Tanken muss ich natürlich auch gleich. War ja klar. Nach der Post ist vor dem eigentlichen Vormittag: Die Schwiegereltern holen den Jüngsten ab, damit er sich was zu seinem nahenden Geburtstag aussucht. Die große Schwester „muss“ mit, sagt der Kleine. Na, von mir aus!

Beim vom-Hof-winken fällt mir auf: Wir kriegen ja doch ein paar Pfirsiche dieses Jahr..

Sind blöderweise noch hart wie Stein.

In der Küche sieht es derweil noch aus wie… naja, wie immer. Abgeräumt haben die Kinder nach dem Frühstück nämlich nicht… Kind 1 liebt derzeit Kresse und isst das in recht wunderlichen Kombinationen. Ich meine: Mit Kirschmarmeladen-Teilchen? Ernsthaft?!

Nun, dann räumen halt wir auf. Und dann steigen wir noch kurz ins Auto, der Gatte raucht neuerdings keine Zigaretten mehr – sondern E-Zigarette. Dafür braucht er noch was und der Laden ist in der nächsten Stadt sogar am Samstag offen. Auch fein.

Er lässt sich beraten, ich warte gemütlich. Läden mit Ledercouchen sind wirklich ne Sache, die sich durchsetzen sollte!

Danach drehen wir eine Runde durch die Tiefgarage vom Ikea. Jaha, am Samstag zu Ikea ist verrückt. Ohne Kinder geht das aber manchmal, grad zur Mittagszeit …. aber heute nicht. Alle, wirklich alle Parkplätze sind belegt. Da lassen wir das lieber sein und absolvieren direkt unseren obligatorischen Wocheneinkauf im nächsten Einkaufszentrum.
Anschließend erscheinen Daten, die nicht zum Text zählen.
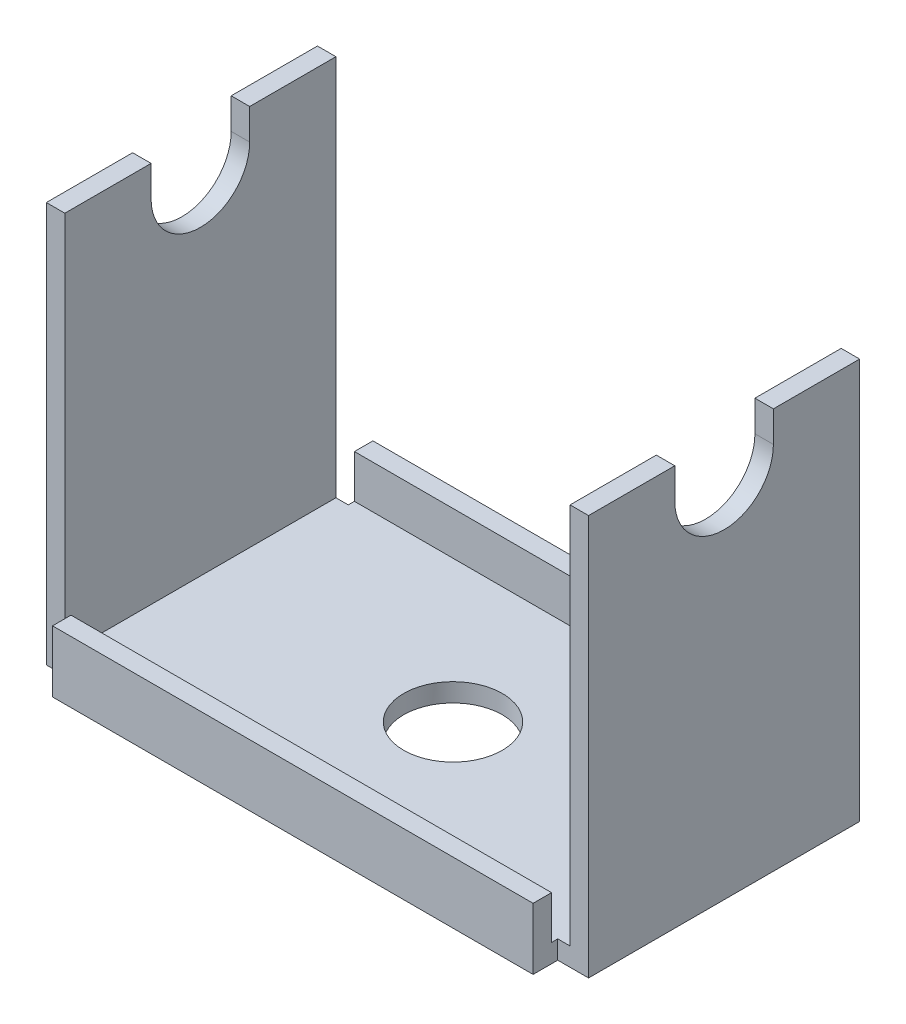
SolidWorks part; units mm, degrees
ref_plane "Front Plane" through (0, 0, 0) normal (0, 0, 1) x (1, 0, 0)
ref_plane "Top Plane" through (0, 0, 0) normal (0, 1, 0) x (1, 0, 0)
ref_plane "Right Plane" through (0, 0, 0) normal (1, 0, 0) x (0, 0, -1)
sketch "Sketch1" plane through (0, 0, 0) normal (0, 0, 1) x (1, 0, 0)
  line L0 (-22, 32.5) -> (-22, 0)
  line L1 (-22, 0) -> (22, 0)
  line L2 (22, 0) -> (22, 32.5)
  line L3 (22, 32.5) -> (20.5, 32.5)
  line L4 (20.5, 32.5) -> (20.5, 1.5)
  line L5 (20.5, 1.5) -> (-20.5, 1.5)
  line L6 (-20.5, 1.5) -> (-20.5, 32.5)
  line L7 (-20.5, 32.5) -> (-22, 32.5)
  dimension "D1" = 1.5
  dimension "D2" = 1.5
  dimension "D3" = 32.5
  dimension "D4" = 44
extrude "Boss-Extrude1" add sketch "Sketch1" against normal mid plane 22
sketch "Sketch2" plane through (0, 0, 0) normal (1, 0, 0) x (0, 0, -1)
  line L0 (-11, 0) -> (-13, 0)
  line L1 (-13, 0) -> (-13, 5)
  line L2 (-13, 5) -> (-11.5, 5)
  line L3 (-11.5, 5) -> (-11.5, 1.5)
  line L4 (-11.5, 1.5) -> (-11, 1.5)
  line L5 (-11, 0) -> (-11, 32.5) construction
  line L6 (-11, 1.5) -> (-11, 0)
  dimension "D1" = 1.5
  dimension "D2" = 0.5
  dimension "D3" = 5
extrude "Boss-Extrude2" add sketch "Sketch2" along normal mid plane 39
mirror "Mirror1" about plane through (0, 0, 0) normal (0, 0, 1) of "Boss-Extrude2"
sketch "Sketch3" plane through (0, 1.5, 0) normal (0, 1, 0) x (-1, 0, 0)
  line L0 (0, 0) -> (0, -11.5) construction
  line L1 (-19.5, -11.5) -> (19.5, -11.5) construction
  line L2 (0, 0) -> (-20.5, 0) construction
  line L3 (-20.5, -11) -> (-20.5, 11) construction
  circle A0 centre (0, 0) radius 4
  dimension "D1" = 8
extrude "Cut-Extrude1" cut sketch "Sketch3" against normal through all
sketch "Sketch4" plane through (22, 0, 0) normal (1, 0, 0) x (0, 0, -1)
  line L0 (0, 30) -> (0, 32.5) construction
  line L1 (11, 32.5) -> (-11, 32.5) construction
  line L2 (11, 0) -> (-11, 0) construction
  line L3 (-4, 30) -> (-4, 32.5)
  line L4 (-4, 32.5) -> (4, 32.5)
  line L5 (4, 32.5) -> (4, 30)
  arc A0 (-4, 30) -> (4, 30) centre (0, 30) ccw
  dimension "D2" = 4
  dimension "D1" = 30
extrude "Cut-Extrude2" cut sketch "Sketch4" against normal through all

Für irritierte Blicke sorgt dann noch diese schräge Einordnung…

Ein Regal, wohlgemerkt, mit EINER Deklarierungsleiste oben drüber..

Wir packen für den Filmabend sogar noch die guten Gummibärchen mit ein – im Kilopack, weil Sonderangebot und so. Das gibt ne nette Überraschung für die Kinder später (und ich freu mich auch schon drauf).

Fischbrötchen gibts zum Mittagessen. Passt zum Wetter, man kommt sich ja vor wie an der Küste bei Wind, Wolken und trübem Sommerlicht..

Bei der Heimfahrt landen wir noch bei einem Cafè, das wir geschlagene vier (4) Jahre ignoriert haben. Schick hier, sehr cooles Design drumherum. Bloß der Kaffee schmeckt irgendwie verbrannt. Schade drum!

Kaum sind wir daheim, stehen Freunde vor der Türe – also noch einmal die Kaffeemaschine angeheizt und die letzten italienischen Kekse vom Urlaub auf den Tisch gezaubert. Freunde und Großeltern geben sich direkt die Klinke in die Hand – sind die einen weg, stehen die anderen wieder vor der Türe. Der kleine ist sehr aufgeregt und freut sich auf die Playmobil Ritterburg: „Mama, die muss man 6h aufbauen!“ Ich freu mich auch schon drauf. Nicht.

Das Abendessen ist schnell erledigt, Backofen sei Dank. Und das hawaiianische Hühnchen für Morgen landet mitsamt Marinade schonmal im Kühlschrank… Dank der frisch gemörserten Gewürze riecht es verdammt lecker – und dabei ist noch gar nichts auf dem Grill! Und jJa, wirklich fleischfrei und gesund ists dieses Wochenende nicht… Nu, seis drum.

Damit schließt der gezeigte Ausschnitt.